### THE INPUT
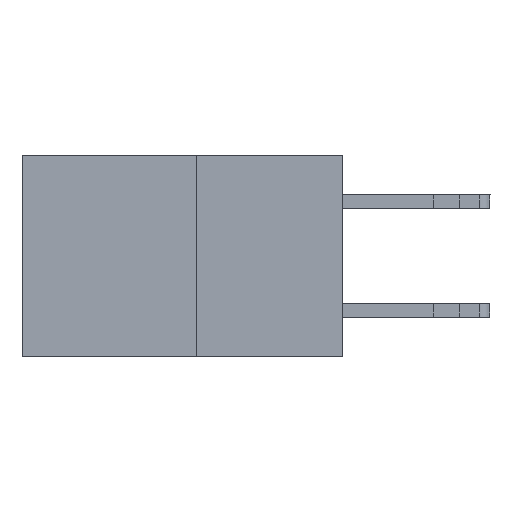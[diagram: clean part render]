
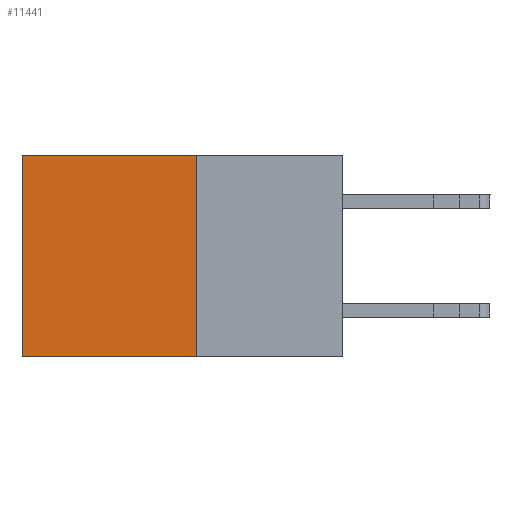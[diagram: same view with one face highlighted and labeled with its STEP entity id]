
A CAD part, left-side view. The second image highlights one B-rep face of the part: STEP entity #11441.
In plain terms, the highlighted planar face has unit normal (-1, 0, 0).
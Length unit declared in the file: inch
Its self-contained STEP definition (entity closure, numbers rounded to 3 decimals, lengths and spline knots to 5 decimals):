
#50 = CARTESIAN_POINT ( 'NONE',  ( 0.277, 0.27, -0.37 ) ) ;
#79 = DIRECTION ( 'NONE',  ( 0., 1., 0. ) ) ;
#94 = CARTESIAN_POINT ( 'NONE',  ( 0.277, 0.59, 0. ) ) ;
#97 = LINE ( 'NONE', #9593, #10633 ) ;
#922 = CARTESIAN_POINT ( 'NONE',  ( 0.277, 0.27, -0.37 ) ) ;
#1313 = DIRECTION ( 'NONE',  ( 0., 0., -1. ) ) ;
#1339 = DIRECTION ( 'NONE',  ( 0., 0., -1. ) ) ;
#2163 = ORIENTED_EDGE ( 'NONE', *, *, #5928, .F. ) ;
#2469 = FACE_OUTER_BOUND ( 'NONE', #12993, .T. ) ;
#3058 = VECTOR ( 'NONE', #79, 39.37008 ) ;
#3420 = DIRECTION ( 'NONE',  ( 0., 0., -1. ) ) ;
#4657 = DIRECTION ( 'NONE',  ( 1., 0., 0. ) ) ;
#5514 = VECTOR ( 'NONE', #11603, 39.37008 ) ;
#5563 = ORIENTED_EDGE ( 'NONE', *, *, #6367, .T. ) ;
#5928 = EDGE_CURVE ( 'NONE', #10253, #10804, #9824, .T. ) ;
#5948 = PLANE ( 'NONE',  #9910 ) ;
#6367 = EDGE_CURVE ( 'NONE', #15548, #10804, #97, .T. ) ;
#7057 = EDGE_CURVE ( 'NONE', #9518, #15548, #13121, .T. ) ;
#8349 = CARTESIAN_POINT ( 'NONE',  ( 0.277, 0.27, -0.37 ) ) ;
#9444 = CARTESIAN_POINT ( 'NONE',  ( 0.277, 0.27, 0. ) ) ;
#9518 = VERTEX_POINT ( 'NONE', #9444 ) ;
#9593 = CARTESIAN_POINT ( 'NONE',  ( 0.277, 0.59, -0.37 ) ) ;
#9824 = LINE ( 'NONE', #13724, #3058 ) ;
#9910 = AXIS2_PLACEMENT_3D ( 'NONE', #922, #4657, #3420 ) ;
#10253 = VERTEX_POINT ( 'NONE', #8349 ) ;
#10454 = CARTESIAN_POINT ( 'NONE',  ( 0.277, 0.27, 0. ) ) ;
#10633 = VECTOR ( 'NONE', #1313, 39.37008 ) ;
#10804 = VERTEX_POINT ( 'NONE', #15581 ) ;
#11159 = LINE ( 'NONE', #50, #13600 ) ;
#11266 = ORIENTED_EDGE ( 'NONE', *, *, #7057, .T. ) ;
#11441 = ADVANCED_FACE ( 'NONE', ( #2469 ), #5948, .F. ) ;
#11603 = DIRECTION ( 'NONE',  ( 0., 1., 0. ) ) ;
#11609 = ORIENTED_EDGE ( 'NONE', *, *, #13355, .F. ) ;
#12993 = EDGE_LOOP ( 'NONE', ( #5563, #2163, #11609, #11266 ) ) ;
#13121 = LINE ( 'NONE', #10454, #5514 ) ;
#13355 = EDGE_CURVE ( 'NONE', #9518, #10253, #11159, .T. ) ;
#13600 = VECTOR ( 'NONE', #1339, 39.37008 ) ;
#13724 = CARTESIAN_POINT ( 'NONE',  ( 0.277, 0.27, -0.37 ) ) ;
#15548 = VERTEX_POINT ( 'NONE', #94 ) ;
#15581 = CARTESIAN_POINT ( 'NONE',  ( 0.277, 0.59, -0.37 ) ) ;
######
From the entries above, copy every line that holds the word "unit".

In plain terms, the highlighted planar face has unit normal (-1, 0, 0).
Length unit declared in the file: inch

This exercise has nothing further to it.